L: Wow, you were quick at a young age.

K: I had to be.

L: Only a 3 peso fine? Let’s not get into that. So you said you went to visit some family in the U.S. over the summer?

K: Well my mom came to the United States as a green card holder because her brother had come in the early ‘60s with the wave of immigration and eventually he stayed here and became a citizen. He petitioned for my mom, and my mom in turn petitioned for my brother and me. But the plan was that, uh, and at that point there was sort of a possibility that my parents were going to reconcile. So my father actually came with us, and the idea was that they were going to get together. Of course that never happened. Then the plan was that we were just going to spend the summer here and then go back to the Dominican Republic. And I was like, “I don’t think so.” I told daddy, “You can go back if you want. I’m staying here with mom.”

L: Who did you live with then?

K: We got an apartment with my mom.

L: This was in New York, right?

K: This was in New York in Corona Queens. Got an apartment with my mom and then that was, uh, we came the summer of ‘85. Dad stayed a few months until, I don’t know, maybe December or so, and then I began going to school that fall. And then I got a job in the following summer, summer of ’86, and that’s when I began working. And pretty much I worked summer of ’86, then I did not work until (Pause). I worked that summer but they didn’t have a part time position for me so I said, I’m here to go to school, so I’ll manage. But then things in the interim, my mom got into a failed second marriage, where my brother came from, and my mom moved. I disapproved of the union so my mom moved to the Bronx in ’87, as she was pregnant with my brother. And I was living with cousins, and my brother and I were living in the little basement room at my cousin’s place. I felt horrible so I said I need to get a job and begin making money to help out. So I went and I got a job, I guess I was a junior in high school. So I guess it was two terms that I didn’t work, fall and then, anyway. My mom had my baby brother and then the whole thing broke apart and she was living in a five-story work-up in the Bronx, in the middle of nowhere, nothing close. Not anybody. So I looked in the neighborhood and I found a three-bedroom apartment, and I was, I don’t know, what was that? [I was] 19 maybe, or 18. So I talked to the owner and I said my mom was living out in the Bronx with a young kid, that I was going to school but that I had a job and it was a decent job and I wanted to rent his apartment. He rented it to me. My mom still lives in that apartment. I think at the time it was something like $800. And my mom is still at that apartment.

L: Wow.

K: She’s been there, since I don’t know, ’87. What is that, 20 something years? And my mom and I and my brother lived in the same household. And I sort of became sort of the head of the household. And then until I finished college – I finished high school, finished college – then I moved to grad school. So for me, going to grad school was like going to college. It was the first time I was able to be out on my own, if you will.

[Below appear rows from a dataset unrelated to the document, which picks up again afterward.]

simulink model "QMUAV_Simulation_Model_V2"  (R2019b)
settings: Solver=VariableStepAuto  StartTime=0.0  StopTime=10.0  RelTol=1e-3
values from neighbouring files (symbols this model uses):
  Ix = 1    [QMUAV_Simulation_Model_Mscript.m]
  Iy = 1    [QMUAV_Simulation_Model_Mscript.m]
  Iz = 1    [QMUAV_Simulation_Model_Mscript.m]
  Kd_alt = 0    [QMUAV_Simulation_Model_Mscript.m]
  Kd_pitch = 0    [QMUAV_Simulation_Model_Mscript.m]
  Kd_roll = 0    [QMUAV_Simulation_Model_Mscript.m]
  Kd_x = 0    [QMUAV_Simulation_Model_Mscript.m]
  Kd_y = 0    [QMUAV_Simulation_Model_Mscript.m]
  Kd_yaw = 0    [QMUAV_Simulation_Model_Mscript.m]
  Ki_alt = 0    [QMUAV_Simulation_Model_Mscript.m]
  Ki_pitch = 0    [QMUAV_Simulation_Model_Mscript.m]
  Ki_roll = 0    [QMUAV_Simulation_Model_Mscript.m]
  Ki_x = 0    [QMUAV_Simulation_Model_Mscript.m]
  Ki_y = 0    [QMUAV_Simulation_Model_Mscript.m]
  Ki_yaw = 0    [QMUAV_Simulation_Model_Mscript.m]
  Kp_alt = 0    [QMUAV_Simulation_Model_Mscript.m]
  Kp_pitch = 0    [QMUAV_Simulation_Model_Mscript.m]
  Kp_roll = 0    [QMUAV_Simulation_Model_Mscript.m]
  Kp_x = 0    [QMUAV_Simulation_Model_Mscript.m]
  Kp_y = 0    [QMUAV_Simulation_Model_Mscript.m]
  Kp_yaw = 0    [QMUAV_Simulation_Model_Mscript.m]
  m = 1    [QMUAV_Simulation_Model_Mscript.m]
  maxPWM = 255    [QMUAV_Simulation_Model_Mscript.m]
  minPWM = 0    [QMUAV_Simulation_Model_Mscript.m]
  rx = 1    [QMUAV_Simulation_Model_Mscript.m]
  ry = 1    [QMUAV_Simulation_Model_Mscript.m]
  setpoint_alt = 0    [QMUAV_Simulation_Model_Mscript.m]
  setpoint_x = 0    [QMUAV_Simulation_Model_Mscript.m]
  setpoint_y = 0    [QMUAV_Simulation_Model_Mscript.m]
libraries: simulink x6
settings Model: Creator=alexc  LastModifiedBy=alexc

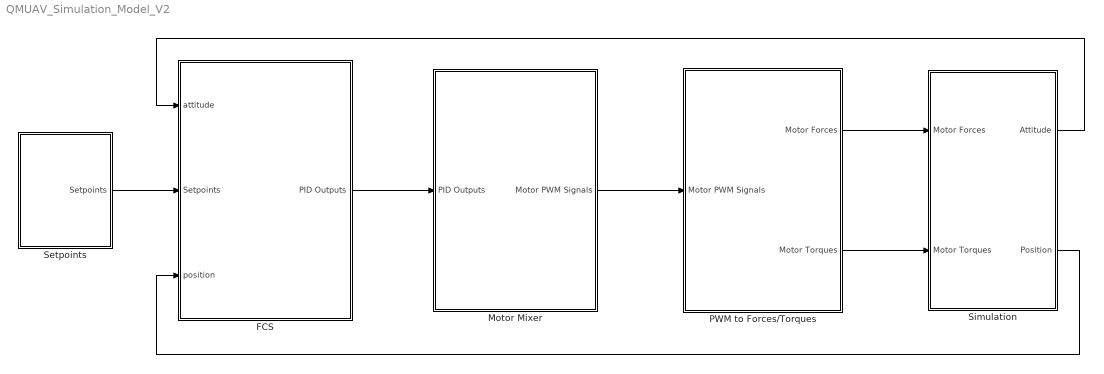
== system QMUAV_Simulation_Model_V2 ==
  FCS : Subsystem
  Motor Mixer : Subsystem
  PWM to Forces/Torques : Subsystem
  Setpoints : Subsystem
  Simulation : Subsystem
  wires:
  FCS/1(PID Outputs) -> Motor Mixer/1(PID Outputs)
  Motor Mixer/1(Motor PWM Signals) -> PWM to Forces/Torques/1(Motor PWM Signals)
  PWM to Forces/Torques/1(Motor Forces) -> Simulation/1(Motor Forces)
  Simulation/1(Attitude) -> FCS/1(attitude)
  Simulation/2(Position) -> FCS/3(position)
  Setpoints/1(Setpoints) -> FCS/2(Setpoints)
  PWM to Forces/Torques/2(Motor Torques) -> Simulation/2(Motor Torques)

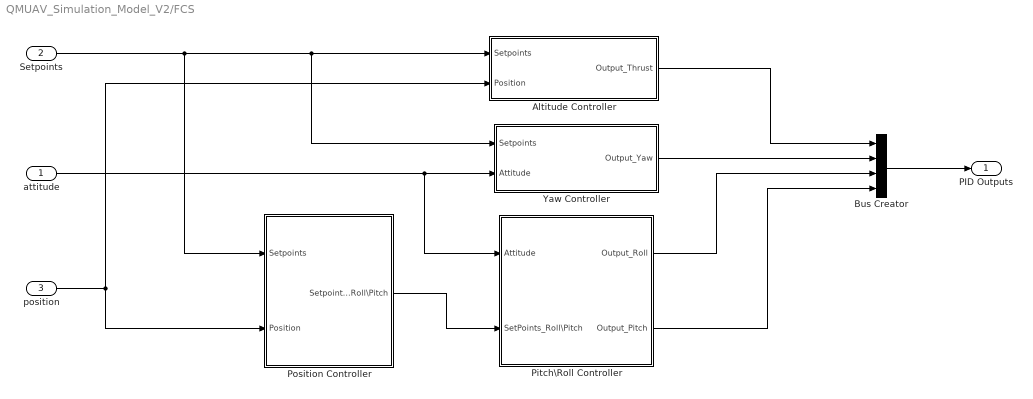
== system QMUAV_Simulation_Model_V2/FCS ==
  attitude : Inport
  Setpoints : Inport  Port=2
  position : Inport  Port=3
  Altitude Controller : Subsystem
  Bus Creator : BusCreator  Inputs=4
  Pitch\Roll Controller : Subsystem
  Position Controller : Subsystem
  Yaw Controller : Subsystem
  PID Outputs : Outport
  wires:
  Bus Creator/1 -> PID Outputs/1
  Altitude Controller/1(Output_Thrust) -> Bus Creator/1
  Pitch\Roll Controller/1(Output_Roll) -> Bus Creator/3
  Yaw Controller/1(Output_Yaw) -> Bus Creator/2
  position/1 -> Position Controller/2(Position), Altitude Controller/2(Position)
  attitude/1 -> Pitch\Roll Controller/1(Attitude), Yaw Controller/2(Attitude)
  Setpoints/1 -> Position Controller/1(Setpoints), Yaw Controller/1(Setpoints), Altitude Controller/1(Setpoints)
  Pitch\Roll Controller/2(Output_Pitch) -> Bus Creator/4
  Position Controller/1(Setpoints_Roll\Pitch) -> Pitch\Roll Controller/2(SetPoints_Roll\Pitch)

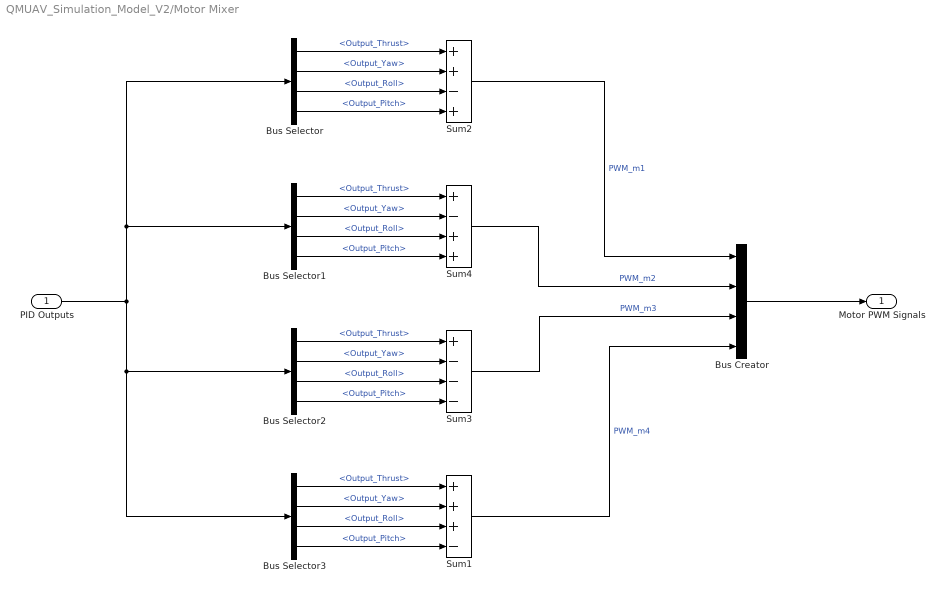
== system QMUAV_Simulation_Model_V2/Motor Mixer ==
  PID Outputs : Inport
  Bus Creator : BusCreator  Inputs=4
  Bus Selector{,1..3} (4 alike) : BusSelector  OutputSignals=Output_Thrust,Output_Yaw,Output_Roll,Output_Pitch
  Sum1 : Sum  Inputs=+++-
  Sum2 : Sum  Inputs=++-+
  Sum3 : Sum  Inputs=+---
  Sum4 : Sum  Inputs=+-++
  Motor PWM Signals : Outport
  wires:
  Sum4/1 -> Bus Creator/2  "PWM_m2"
  Sum3/1 -> Bus Creator/3  "PWM_m3"
  Sum1/1 -> Bus Creator/4  "PWM_m4"
  Sum2/1 -> Bus Creator/1  "PWM_m1"
  PID Outputs/1 -> Bus Selector3/1, Bus Selector2/1, Bus Selector1/1, Bus Selector/1
  Bus Selector/1 -> Sum2/1  "<Output_Thrust>"
  Bus Selector/2 -> Sum2/2  "<Output_Yaw>"
  Bus Selector/3 -> Sum2/3  "<Output_Roll>"
  Bus Selector/4 -> Sum2/4  "<Output_Pitch>"
  Bus Selector1/1 -> Sum4/1  "<Output_Thrust>"
  Bus Selector1/2 -> Sum4/2  "<Output_Yaw>"
  Bus Selector1/3 -> Sum4/3  "<Output_Roll>"
  Bus Selector1/4 -> Sum4/4  "<Output_Pitch>"
  Bus Selector2/1 -> Sum3/1  "<Output_Thrust>"
  Bus Selector2/2 -> Sum3/2  "<Output_Yaw>"
  Bus Selector2/3 -> Sum3/3  "<Output_Roll>"
  Bus Selector2/4 -> Sum3/4  "<Output_Pitch>"
  Bus Selector3/1 -> Sum1/1  "<Output_Thrust>"
  Bus Selector3/2 -> Sum1/2  "<Output_Yaw>"
  Bus Selector3/3 -> Sum1/3  "<Output_Roll>"
  Bus Selector3/4 -> Sum1/4  "<Output_Pitch>"
  Bus Creator/1 -> Motor PWM Signals/1

== system QMUAV_Simulation_Model_V2/PWM to Forces//Torques ==
  Motor PWM Signals : Inport
  Forces Lookup : Subsystem
  Torques Lookup : Subsystem
  Motor Forces : Outport
  Motor Torques : Outport  Port=2
  wires:
  Motor PWM Signals/1 -> Torques Lookup/1(In1), Forces Lookup/1(In1)
  Forces Lookup/1(Out1) -> Motor Forces/1
  Torques Lookup/1(Out1) -> Motor Torques/1

== system QMUAV_Simulation_Model_V2/Setpoints ==
  " " : Constant  Value=setpoint_alt
  Bus Creator : BusCreator  Inputs=4
  Constant1 : Constant  Value=setpoint_x
  Constant2 : Constant  Value=setpoint_y
  Constant3 : Constant  Value=setpoint_x
  Setpoints : Outport
  wires:
  Bus Creator/1 -> Setpoints/1
  " "/1 -> Bus Creator/1  "setpoint_alt"
  Constant1/1 -> Bus Creator/3  "setpoint_x"
  Constant2/1 -> Bus Creator/4  "setpoint_y"
  Constant3/1 -> Bus Creator/2  "setpoint_Yaw"

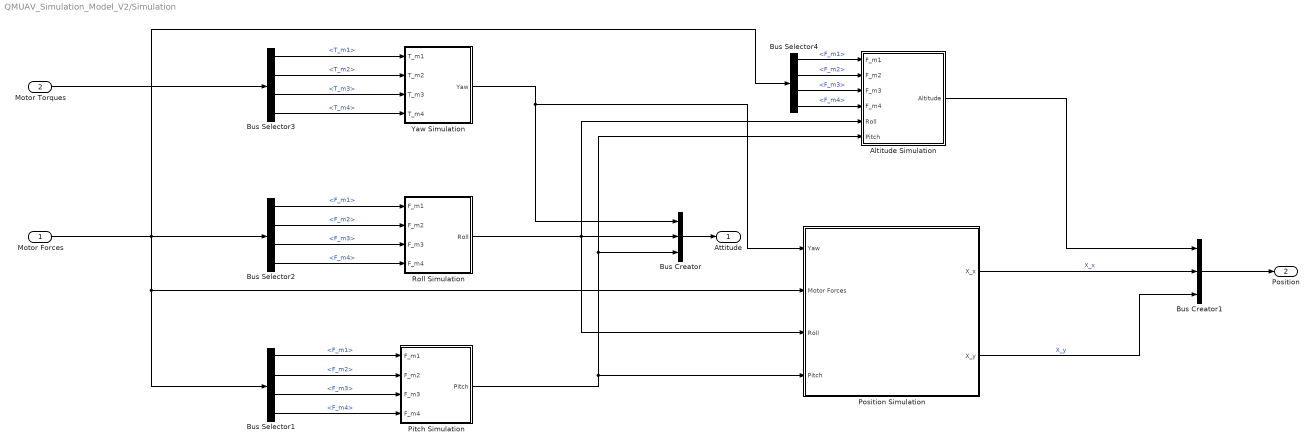
== system QMUAV_Simulation_Model_V2/Simulation ==
  Motor Forces : Inport
  Motor Torques : Inport  Port=2
  Altitude Simulation : Subsystem
  Bus Creator : BusCreator  Inputs=3
  Bus Creator1 : BusCreator  Inputs=3
  Bus Selector1 : BusSelector  OutputSignals=F_m1,F_m2,F_m3,F_m4
  Bus Selector2 : BusSelector  OutputSignals=F_m1,F_m2,F_m3,F_m4
  Bus Selector3 : BusSelector  OutputSignals=T_m1,T_m2,T_m3,T_m4
  Bus Selector4 : BusSelector  OutputSignals=F_m1,F_m2,F_m3,F_m4
  Pitch Simulation : Subsystem
  Position Simulation : Subsystem
  Roll Simulation : Subsystem
  Yaw Simulation : Subsystem
  Attitude : Outport
  Position : Outport  Port=2
  wires:
  Yaw Simulation/1(Yaw) -> Bus Creator/1, Position Simulation/1(Yaw)
  Roll Simulation/1(Roll) -> Position Simulation/3(Roll), Bus Creator/2, Altitude Simulation/5(Roll)
  Pitch Simulation/1(Pitch) -> Altitude Simulation/6(Pitch), Bus Creator/3, Position Simulation/4(Pitch)
  Motor Forces/1 -> Bus Selector1/1, Position Simulation/2(Motor Forces), Bus Selector2/1, Bus Selector4/1
  Bus Selector3/1 -> Yaw Simulation/1(T_m1)  "<T_m1>"
  Bus Selector3/2 -> Yaw Simulation/2(T_m2)  "<T_m2>"
  Bus Selector3/3 -> Yaw Simulation/3(T_m3)  "<T_m3>"
  Bus Selector3/4 -> Yaw Simulation/4(T_m4)  "<T_m4>"
  Bus Selector2/1 -> Roll Simulation/1(F_m1)  "<F_m1>"
  Bus Selector2/2 -> Roll Simulation/2(F_m2)  "<F_m2>"
  Bus Selector2/3 -> Roll Simulation/3(F_m3)  "<F_m3>"
  Bus Selector2/4 -> Roll Simulation/4(F_m4)  "<F_m4>"
  Bus Selector1/1 -> Pitch Simulation/1(F_m1)  "<F_m1>"
  Bus Selector1/2 -> Pitch Simulation/2(F_m2)  "<F_m2>"
  Bus Selector1/3 -> Pitch Simulation/3(F_m3)  "<F_m3>"
  Bus Selector1/4 -> Pitch Simulation/4(F_m4)  "<F_m4>"
  Bus Selector4/1 -> Altitude Simulation/1(F_m1)  "<F_m1>"
  Bus Selector4/2 -> Altitude Simulation/2(F_m2)  "<F_m2>"
  Bus Selector4/3 -> Altitude Simulation/3(F_m3)  "<F_m3>"
  Bus Selector4/4 -> Altitude Simulation/4(F_m4)  "<F_m4>"
  Bus Creator/1 -> Attitude/1
  Bus Creator1/1 -> Position/1
  Position Simulation/1(X_x) -> Bus Creator1/2  "X_x"
  Position Simulation/2(X_y) -> Bus Creator1/3  "X_y"
  Altitude Simulation/1(Altitude) -> Bus Creator1/1
  Motor Torques/1 -> Bus Selector3/1

== system QMUAV_Simulation_Model_V2/FCS/Altitude Controller ==
  Setpoints : Inport
  Position : Inport  Port=2
  Bus Selector : BusSelector  OutputSignals=Altitude
  Bus Selector1 : BusSelector  OutputSignals=setpoint_alt
  PID Controller : simulink/Continuous/PID Controller  Controller=PID  Form=Parallel  TimeDomain=Continuous-time  SampleTime=-1  IntegratorMethod=Forward Euler  FilterMethod=Forward Euler  ControllerParametersSource=internal  P=Kp_alt  I=Ki_alt  D=Kd_alt  UseFilter=on  N=100  TunerSelectOption=Transfer Function Based (PID Tuner App)  InitialConditionSource=internal  InitialConditionForIntegrator=0  InitialConditionForFilter=0  DifferentiatorICPrevScaledInput=0  ExternalReset=none  TrackingMode=off  Kt=1  LimitOutput=on  UpperSaturationLimit=maxPWM  LowerSaturationLimit=minPWM  LinearizeAsGain=on  AntiWindupMode=none  Kb=1  POutMin=[]  POutMax=[]  IOutMin=[]  IOutMax=[]  DOutMin=[]  DOutMax=[]  NOutMin=[]  NOutMax=[]  SumOutMin=[]  SumOutMax=[]  SaturationOutMin=[]  SaturationOutMax=[]  PParamMin=[]  PParamMax=[]  IParamMin=[]  IParamMax=[]  DParamMin=[]  DParamMax=[]  NParamMin=[]  NParamMax=[]  KbParamMin=[]  KbParamMax=[]  KtParamMin=[]  KtParamMax=[]  KbOutMin=[]  KbOutMax=[]  KtOutMin=[]  KtOutMax=[]  IntegratorOutMin=[]  IntegratorOutMax=[]  FilterOutMin=[]  FilterOutMax=[]  SumI1OutMin=[]  SumI1OutMax=[]  SumI2OutMin=[]  SumI2OutMax=[]  SumI3OutMin=[]  SumI3OutMax=[]  SumI4OutMin=[]  SumI4OutMax=[]  SumDOutMin=[]  SumDOutMax=[]  DifferentiatorOutMin=[]  DifferentiatorOutMax=[]  FilterDiffOutCoefMin=[]  FilterDiffOutCoefMax=[]  ReciprocalOutMin=[]  ReciprocalOutMax=[]  SumDenOutMin=[]  SumDenOutMax=[]  SumNumOutMin=[]  SumNumOutMax=[]  DivideOutMin=[]  DivideOutMax=[]  IntegratorContinuousStateAttributes=''  IntegratorStateMustResolveToSignalObject=off  IntegratorRTWStateStorageClass=Auto  FilterContinuousStateAttributes=''  FilterStateMustResolveToSignalObject=off  FilterRTWStateStorageClass=Auto  ParallelPVariant=InternalParameters  IdealPVariant=Disabled  IVariant=InternalParameters  DVariant=InternalParameters  IntegratorVariant=Continuous  SatVariant=Enabled  AWVariant=Passthrough  PCopyVariant=Disabled  TRVariant=Disabled  FdbkBlocksVariant=Forward  IdealPFdbkVariant=Disabled  SatFdbkVariant=Disabled  DerivativeFilterVariant=ContFilter  NVariant=InternalParameters  NCopyVariant=Disabled  FilterICVariant=InternalICsFilter  IntegratorICVariant=InternalICs  ExternalResetVariant=Disabled  TRSumVariant=Passthrough  SumFdbkVariant=Disabled  SumVariant=Sum_PID
  Sum : Sum  Inputs=|+-
  Output_Thrust : Outport
  wires:
  Bus Selector/1 -> Sum/1  "<Altitude>"
  Sum/1 -> PID Controller/1  "Error_Altitude"
  PID Controller/1 -> Output_Thrust/1  "Output_Thrust"
  Position/1 -> Bus Selector/1
  Setpoints/1 -> Bus Selector1/1
  Bus Selector1/1 -> Sum/2  "<setpoint_alt>"

== system QMUAV_Simulation_Model_V2/FCS/Pitch\Roll Controller ==
  Attitude : Inport
  SetPoints_Roll\Pitch : Inport  Port=2
  Pitch Controller : Subsystem
  Roll Controller : Subsystem
  Output_Roll : Outport
  Output_Pitch : Outport  Port=2
  wires:
  SetPoints_Roll\Pitch/1 -> Pitch Controller/1(Setpoints), Roll Controller/1(Setpoints)
  Attitude/1 -> Pitch Controller/2(Attitude), Roll Controller/2(Attitude)
  Roll Controller/1(Output_Roll) -> Output_Roll/1
  Pitch Controller/1(Output_Pitch) -> Output_Pitch/1

== system QMUAV_Simulation_Model_V2/FCS/Position Controller ==
  Setpoints : Inport
  Position : Inport  Port=2
  Bus Creator : BusCreator  Inputs=2
  X_x Controller : Subsystem
  X_y Controller : Subsystem
  Setpoints_Roll\Pitch : Outport
  wires:
  Position/1 -> X_y Controller/2(Position), X_x Controller/2(Position)
  Setpoints/1 -> X_y Controller/1(Setpoints), X_x Controller/1(Setpoints)
  X_x Controller/1(setpoint_pitch) -> Bus Creator/1
  X_y Controller/1(setpoint_roll) -> Bus Creator/2
  Bus Creator/1 -> Setpoints_Roll\Pitch/1

== system QMUAV_Simulation_Model_V2/FCS/Yaw Controller ==
  Setpoints : Inport
  Attitude : Inport  Port=2
  Bus Selector : BusSelector  OutputSignals=Yaw
  Bus Selector1 : BusSelector  OutputSignals=setpoint_Yaw
  PID Controller1 : simulink/Continuous/PID Controller  Controller=PID  Form=Parallel  TimeDomain=Continuous-time  SampleTime=-1  IntegratorMethod=Forward Euler  FilterMethod=Forward Euler  ControllerParametersSource=internal  P=Kp_yaw  I=Ki_yaw  D=Kd_yaw  UseFilter=on  N=100  TunerSelectOption=Transfer Function Based (PID Tuner App)  InitialConditionSource=internal  InitialConditionForIntegrator=0  InitialConditionForFilter=0  DifferentiatorICPrevScaledInput=0  ExternalReset=none  TrackingMode=off  Kt=1  LimitOutput=on  UpperSaturationLimit=maxPWM  LowerSaturationLimit=minPWM  LinearizeAsGain=on  AntiWindupMode=none  Kb=1  POutMin=[]  POutMax=[]  IOutMin=[]  IOutMax=[]  DOutMin=[]  DOutMax=[]  NOutMin=[]  NOutMax=[]  SumOutMin=[]  SumOutMax=[]  SaturationOutMin=[]  SaturationOutMax=[]  PParamMin=[]  PParamMax=[]  IParamMin=[]  IParamMax=[]  DParamMin=[]  DParamMax=[]  NParamMin=[]  NParamMax=[]  KbParamMin=[]  KbParamMax=[]  KtParamMin=[]  KtParamMax=[]  KbOutMin=[]  KbOutMax=[]  KtOutMin=[]  KtOutMax=[]  IntegratorOutMin=[]  IntegratorOutMax=[]  FilterOutMin=[]  FilterOutMax=[]  SumI1OutMin=[]  SumI1OutMax=[]  SumI2OutMin=[]  SumI2OutMax=[]  SumI3OutMin=[]  SumI3OutMax=[]  SumI4OutMin=[]  SumI4OutMax=[]  SumDOutMin=[]  SumDOutMax=[]  DifferentiatorOutMin=[]  DifferentiatorOutMax=[]  FilterDiffOutCoefMin=[]  FilterDiffOutCoefMax=[]  ReciprocalOutMin=[]  ReciprocalOutMax=[]  SumDenOutMin=[]  SumDenOutMax=[]  SumNumOutMin=[]  SumNumOutMax=[]  DivideOutMin=[]  DivideOutMax=[]  IntegratorContinuousStateAttributes=''  IntegratorStateMustResolveToSignalObject=off  IntegratorRTWStateStorageClass=Auto  FilterContinuousStateAttributes=''  FilterStateMustResolveToSignalObject=off  FilterRTWStateStorageClass=Auto  ParallelPVariant=InternalParameters  IdealPVariant=Disabled  IVariant=InternalParameters  DVariant=InternalParameters  IntegratorVariant=Continuous  SatVariant=Enabled  AWVariant=Passthrough  PCopyVariant=Disabled  TRVariant=Disabled  FdbkBlocksVariant=Forward  IdealPFdbkVariant=Disabled  SatFdbkVariant=Disabled  DerivativeFilterVariant=ContFilter  NVariant=InternalParameters  NCopyVariant=Disabled  FilterICVariant=InternalICsFilter  IntegratorICVariant=InternalICs  ExternalResetVariant=Disabled  TRSumVariant=Passthrough  SumFdbkVariant=Disabled  SumVariant=Sum_PID
  Sum1 : Sum  Inputs=|+-
  Output_Yaw : Outport
  wires:
  PID Controller1/1 -> Output_Yaw/1  "Output_Yaw"
  Sum1/1 -> PID Controller1/1  "Error_Yaw"
  Bus Selector/1 -> Sum1/1  "<Yaw>"
  Attitude/1 -> Bus Selector/1
  Setpoints/1 -> Bus Selector1/1
  Bus Selector1/1 -> Sum1/2  "<setpoint_Yaw>"

== system QMUAV_Simulation_Model_V2/PWM to Forces//Torques/Forces Lookup ==
  In1 : Inport
  1-D Lookup Table{,1..3} (4 alike) : Lookup_n-D  NumberOfTableDimensions=1  BreakpointsForDimension1=[-5:5]  Table=tanh([-5:5])  InternalRulePriority=Speed  RndMeth=Simplest  InputSameDT=on
  Bus Creator : BusCreator  Inputs=4
  Bus Selector : BusSelector  OutputSignals=PWM_m1,PWM_m2,PWM_m3,PWM_m4
  Out1 : Outport
  wires:
  Bus Selector/2 -> 1-D Lookup Table1/1  "<PWM_m2>"
  Bus Selector/1 -> 1-D Lookup Table/1  "<PWM_m1>"
  1-D Lookup Table/1 -> Bus Creator/1  "F_m1"
  1-D Lookup Table3/1 -> Bus Creator/4  "F_m4"
  1-D Lookup Table2/1 -> Bus Creator/3  "F_m3"
  Bus Selector/3 -> 1-D Lookup Table2/1  "<PWM_m3>"
  Bus Selector/4 -> 1-D Lookup Table3/1  "<PWM_m4>"
  1-D Lookup Table1/1 -> Bus Creator/2  "F_m2"
  In1/1 -> Bus Selector/1
  Bus Creator/1 -> Out1/1

== system QMUAV_Simulation_Model_V2/PWM to Forces//Torques/Torques Lookup ==
  In1 : Inport
  1-D Lookup Table{,1..3} (4 alike) : Lookup_n-D  NumberOfTableDimensions=1  BreakpointsForDimension1=[-5:5]  Table=tanh([-5:5])  InternalRulePriority=Speed  RndMeth=Simplest  InputSameDT=on
  Bus Creator : BusCreator  Inputs=4
  Bus Selector : BusSelector  OutputSignals=PWM_m1,PWM_m2,PWM_m3,PWM_m4
  Out1 : Outport
  wires:
  Bus Creator/1 -> Out1/1
  In1/1 -> Bus Selector/1
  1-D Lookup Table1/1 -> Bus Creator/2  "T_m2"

L: So let’s back track to, uh, how was your experience starting school in the U.S.? And with language?

K: I was so fortunate to be going to a high school with, at the time, there were 51 different nations represented. They had a very very strong bilingual program. So I was able to continue at my grade, if you will, and take classes in Spanish. And as I took intensive ESL classes, and I moved from like ESL 1 to ESL 3 to 5 then 7, then I got to a special regular class for non-natives. I was a nerd in high school. And I was just, I did my homework! I don’t think there was anything special to that. Usually you do your homework and you participate in class and stuff. So I did quite well in high school. I think I had a very nice transition. I had good teachers and a lot of support. I ended up graduating salutatorian of my graduating class of 658 students. And I had to give speech at the ceremony. And it was ironic because my speech as salutatorian was to welcome the parents to the ceremony, and my parents were not at my ceremony.

L: Where was your mom?

K: They both had to work. Yep. They were both there and they both had to work. So I was there welcoming the parents and my parents weren’t there.

L: How did that feel?

K: I don’t know, now I go back and I look back at it and I say to myself that I wouldn’t do that to my kids. But at the time I think that I understood and I didn’t see…

L: It is what it is?

K: It was what it was. And then for college I applied to two schools. I applied to Queens College of the City of New York CUNY and Columbia University. Those are the two schools I applied to. I wanted to go to Columbia, private school blah blah blah. I did not get accepted. I got accepted to Queens College and I went to Queens College.

L: I don’t know anything about Queens College.

K: Uh, Seinfeld went to Queens College. (L and K laugh). It is part of the CUNY public school system. The state of New York has SUNY and CUNY. And they are the two public school systems in New York. And they have college and community college…[Keysi describes the different colleges in the system and what they’re known for].

L: What did you study?

K: I began as a math major and then I started studying Spanish Lit.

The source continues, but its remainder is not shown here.